(Provided records):
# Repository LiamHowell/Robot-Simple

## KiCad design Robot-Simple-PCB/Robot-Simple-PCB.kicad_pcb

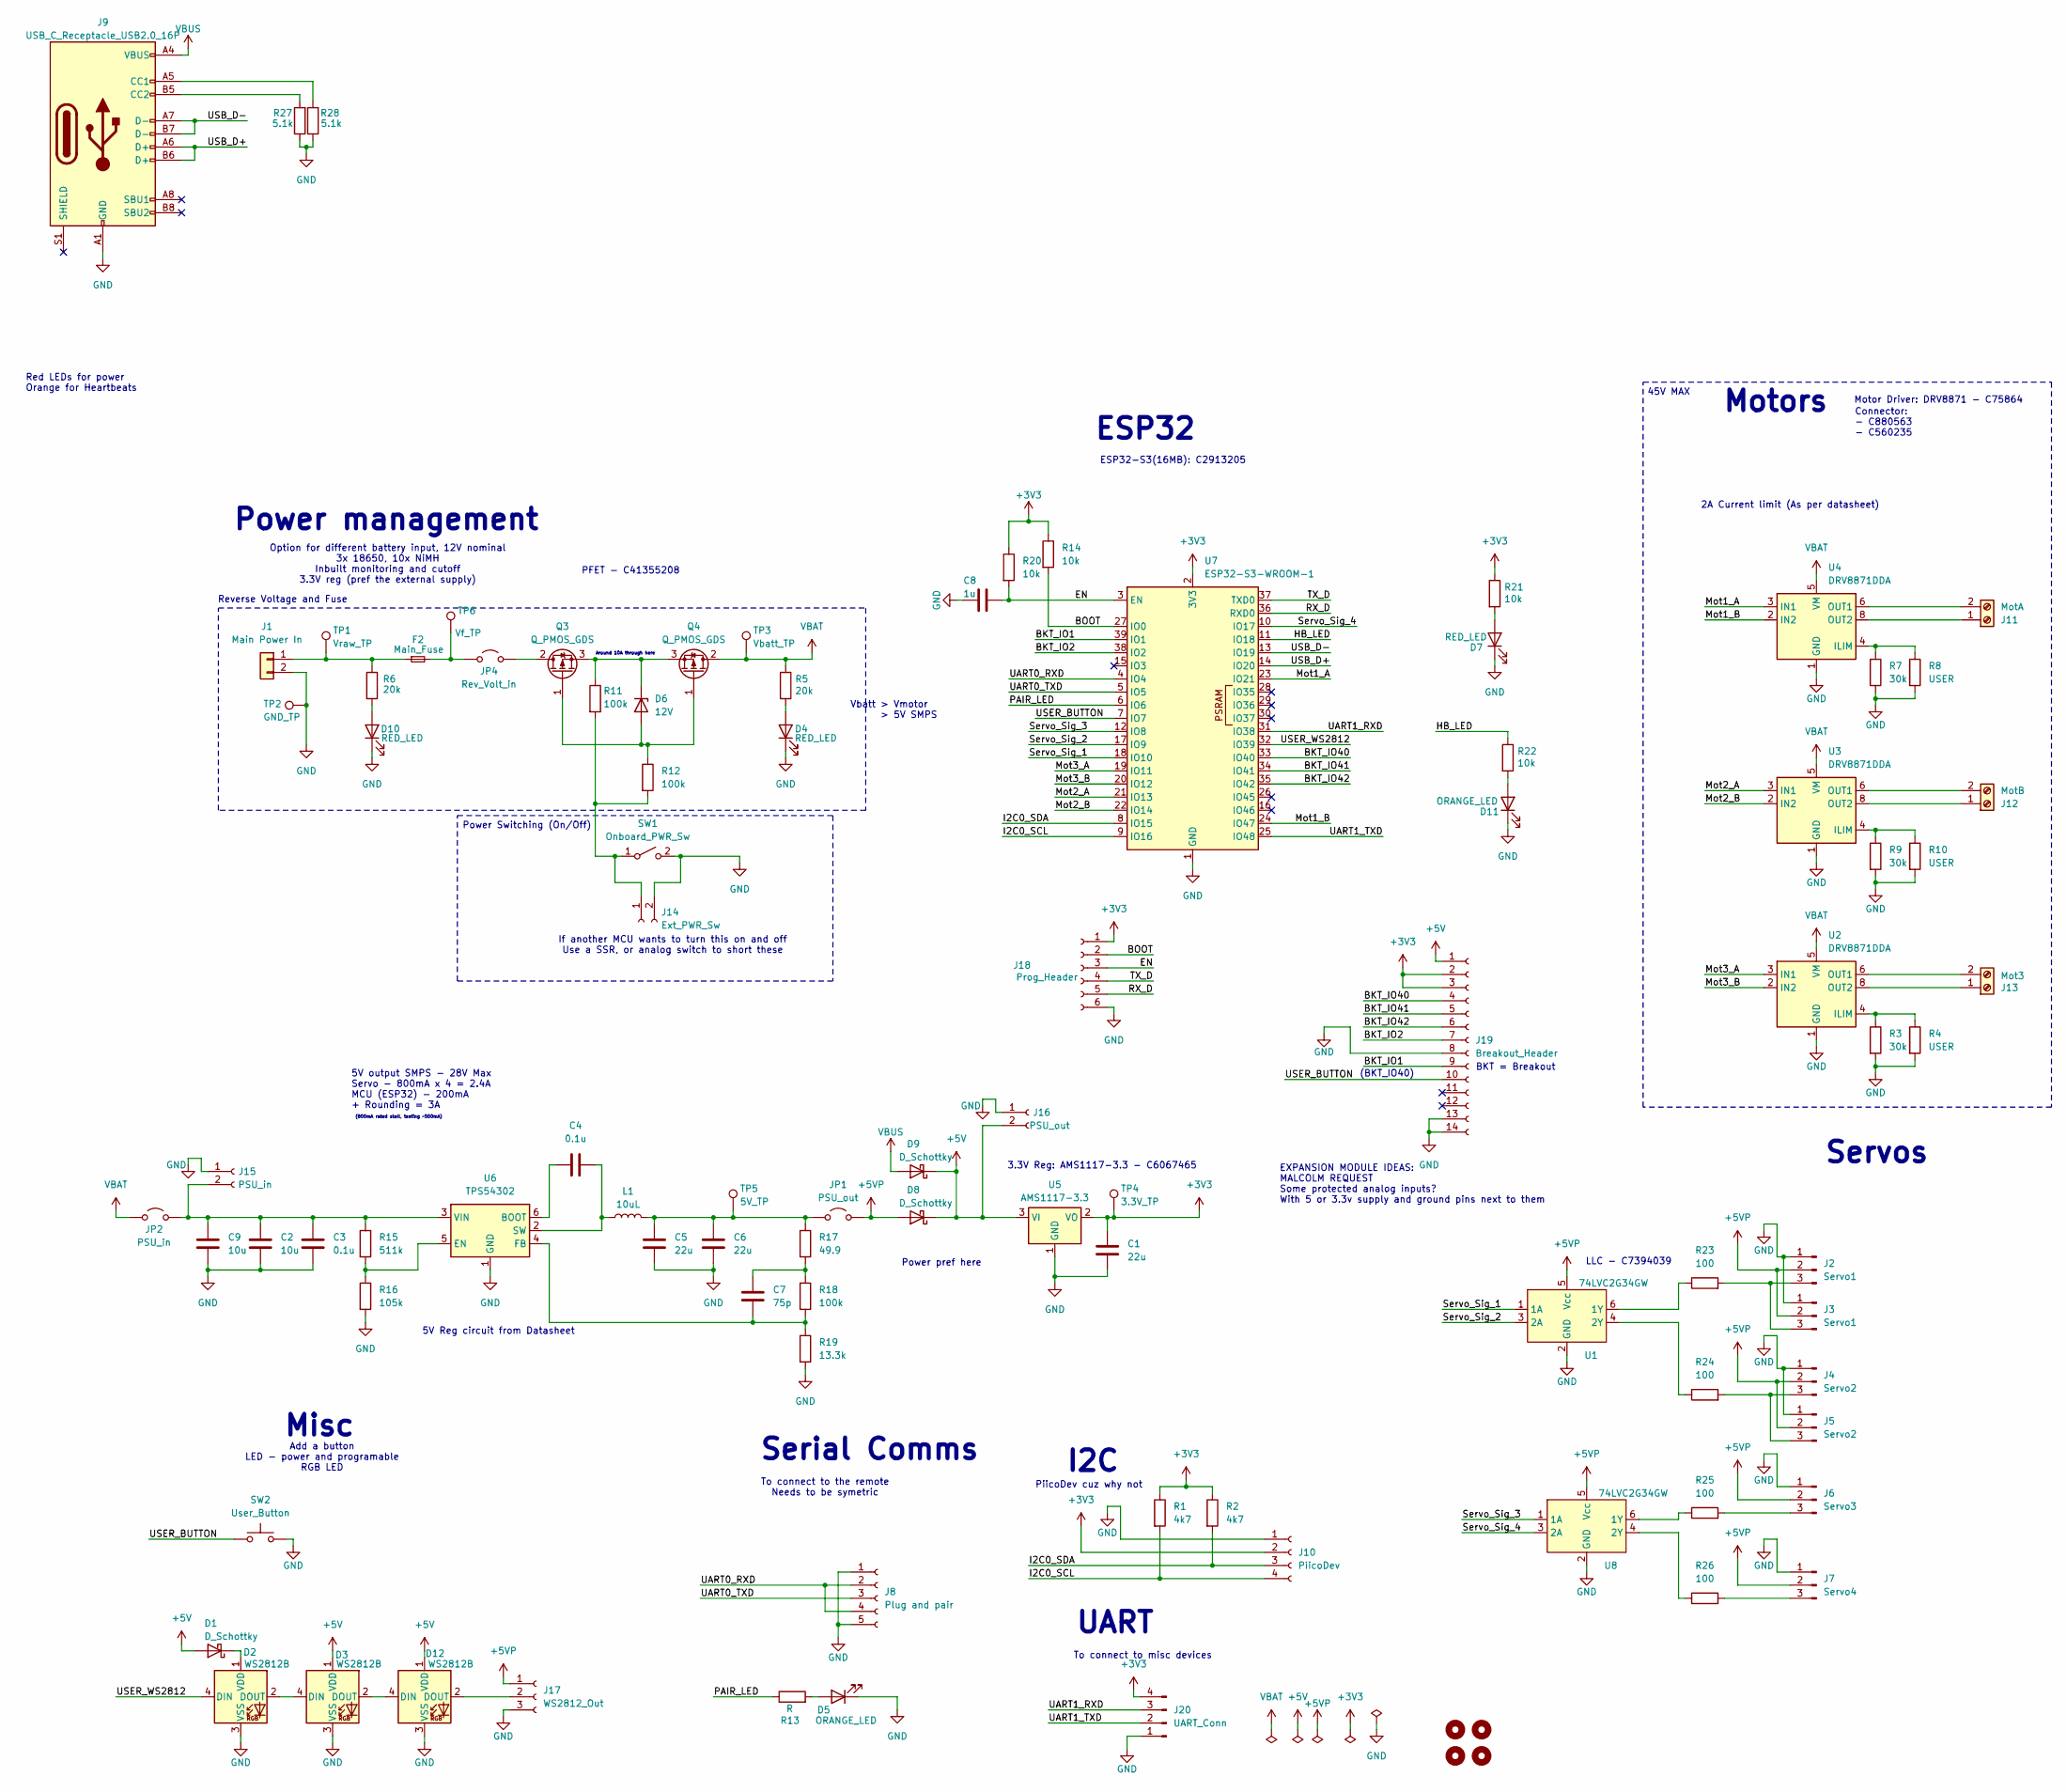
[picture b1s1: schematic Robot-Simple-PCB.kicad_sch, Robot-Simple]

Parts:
C1, C5, C6: 22u; C_1206_3216Metric; MPN C1523
C2, C9: 10u; C_1206_3216Metric; MPN C13585
C3, C4: 0.1u; C_0603_1608Metric; MPN C14663
C7: 75p; C_0402_1005Metric; MPN C1546
C8: 1u; C_0402_1005Metric; MPN C52923
D1, D8, D9: D_Schottky; D_SOD-123; MPN C8598
D2, D3, D12: WS2812B; LED_WS2812B_PLCC4_5.0x5.0mm_P3.2mm; MPN C5349953
D4, D7, D10: RED_LED; LED_0603_1608Metric
D5, D11: ORANGE_LED; LED_0603_1608Metric
D6: 12V; LED_0603_1608Metric
F2: Main_Fuse; Fuseholder_Littelfuse_Nano2_154x
H1, H2, H3, H4: MountingHole; MountingHole_4.3mm_M4
J1: Main Power In; PhoenixContact_MCV_1,5_2-G-3.5_1x02_P3.50mm_Vertical
J2, J3: Servo1; PinHeader_1x03_P2.54mm_Vertical
J4, J5: Servo2; PinHeader_1x03_P2.54mm_Vertical
J6: Servo3; PinHeader_1x03_P2.54mm_Vertical
J7: Servo4; PinHeader_1x03_P2.54mm_Vertical
J8: Plug and pair; PinSocket_1x05_P2.54mm_Vertical
J9: USB_C_Receptacle_USB2.0_16P; USB_C_Receptacle_HCTL_HC-TYPE-C-16P-01A; MPN C2894897
J10: PiicoDev; JST_SH_SM04B-SRSS-TB_1x04-1MP_P1.00mm_Horizontal
J11: MotA; PhoenixContact_MCV_1,5_2-G-3.5_1x02_P3.50mm_Vertical
J12: MotB; PhoenixContact_MCV_1,5_2-G-3.5_1x02_P3.50mm_Vertical
J13: Mot3; PhoenixContact_MCV_1,5_2-G-3.5_1x02_P3.50mm_Vertical
J14: Ext_PWR_Sw; PinHeader_1x02_P2.54mm_Vertical
J15: PSU_in; PinHeader_1x02_P2.54mm_Vertical
J16: PSU_out; PinHeader_1x02_P2.54mm_Vertical
J17: WS2812_Out; PinHeader_1x03_P2.54mm_Vertical
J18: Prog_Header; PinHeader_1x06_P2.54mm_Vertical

(What you should do):
Copy each of the entries above precisely, and drop whatever pictures they hold.

(Task solution):
# Repository LiamHowell/Robot-Simple

## KiCad design Robot-Simple-PCB/Robot-Simple-PCB.kicad_pcb

[picture b1s1: schematic Robot-Simple-PCB.kicad_sch, Robot-Simple]

Parts:
C1, C5, C6: 22u; C_1206_3216Metric; MPN C1523
C2, C9: 10u; C_1206_3216Metric; MPN C13585
C3, C4: 0.1u; C_0603_1608Metric; MPN C14663
C7: 75p; C_0402_1005Metric; MPN C1546
C8: 1u; C_0402_1005Metric; MPN C52923
D1, D8, D9: D_Schottky; D_SOD-123; MPN C8598
D2, D3, D12: WS2812B; LED_WS2812B_PLCC4_5.0x5.0mm_P3.2mm; MPN C5349953
D4, D7, D10: RED_LED; LED_0603_1608Metric
D5, D11: ORANGE_LED; LED_0603_1608Metric
D6: 12V; LED_0603_1608Metric
F2: Main_Fuse; Fuseholder_Littelfuse_Nano2_154x
H1, H2, H3, H4: MountingHole; MountingHole_4.3mm_M4
J1: Main Power In; PhoenixContact_MCV_1,5_2-G-3.5_1x02_P3.50mm_Vertical
J2, J3: Servo1; PinHeader_1x03_P2.54mm_Vertical
J4, J5: Servo2; PinHeader_1x03_P2.54mm_Vertical
J6: Servo3; PinHeader_1x03_P2.54mm_Vertical
J7: Servo4; PinHeader_1x03_P2.54mm_Vertical
J8: Plug and pair; PinSocket_1x05_P2.54mm_Vertical
J9: USB_C_Receptacle_USB2.0_16P; USB_C_Receptacle_HCTL_HC-TYPE-C-16P-01A; MPN C2894897
J10: PiicoDev; JST_SH_SM04B-SRSS-TB_1x04-1MP_P1.00mm_Horizontal
J11: MotA; PhoenixContact_MCV_1,5_2-G-3.5_1x02_P3.50mm_Vertical
J12: MotB; PhoenixContact_MCV_1,5_2-G-3.5_1x02_P3.50mm_Vertical
J13: Mot3; PhoenixContact_MCV_1,5_2-G-3.5_1x02_P3.50mm_Vertical
J14: Ext_PWR_Sw; PinHeader_1x02_P2.54mm_Vertical
J15: PSU_in; PinHeader_1x02_P2.54mm_Vertical
J16: PSU_out; PinHeader_1x02_P2.54mm_Vertical
J17: WS2812_Out; PinHeader_1x03_P2.54mm_Vertical
J18: Prog_Header; PinHeader_1x06_P2.54mm_Vertical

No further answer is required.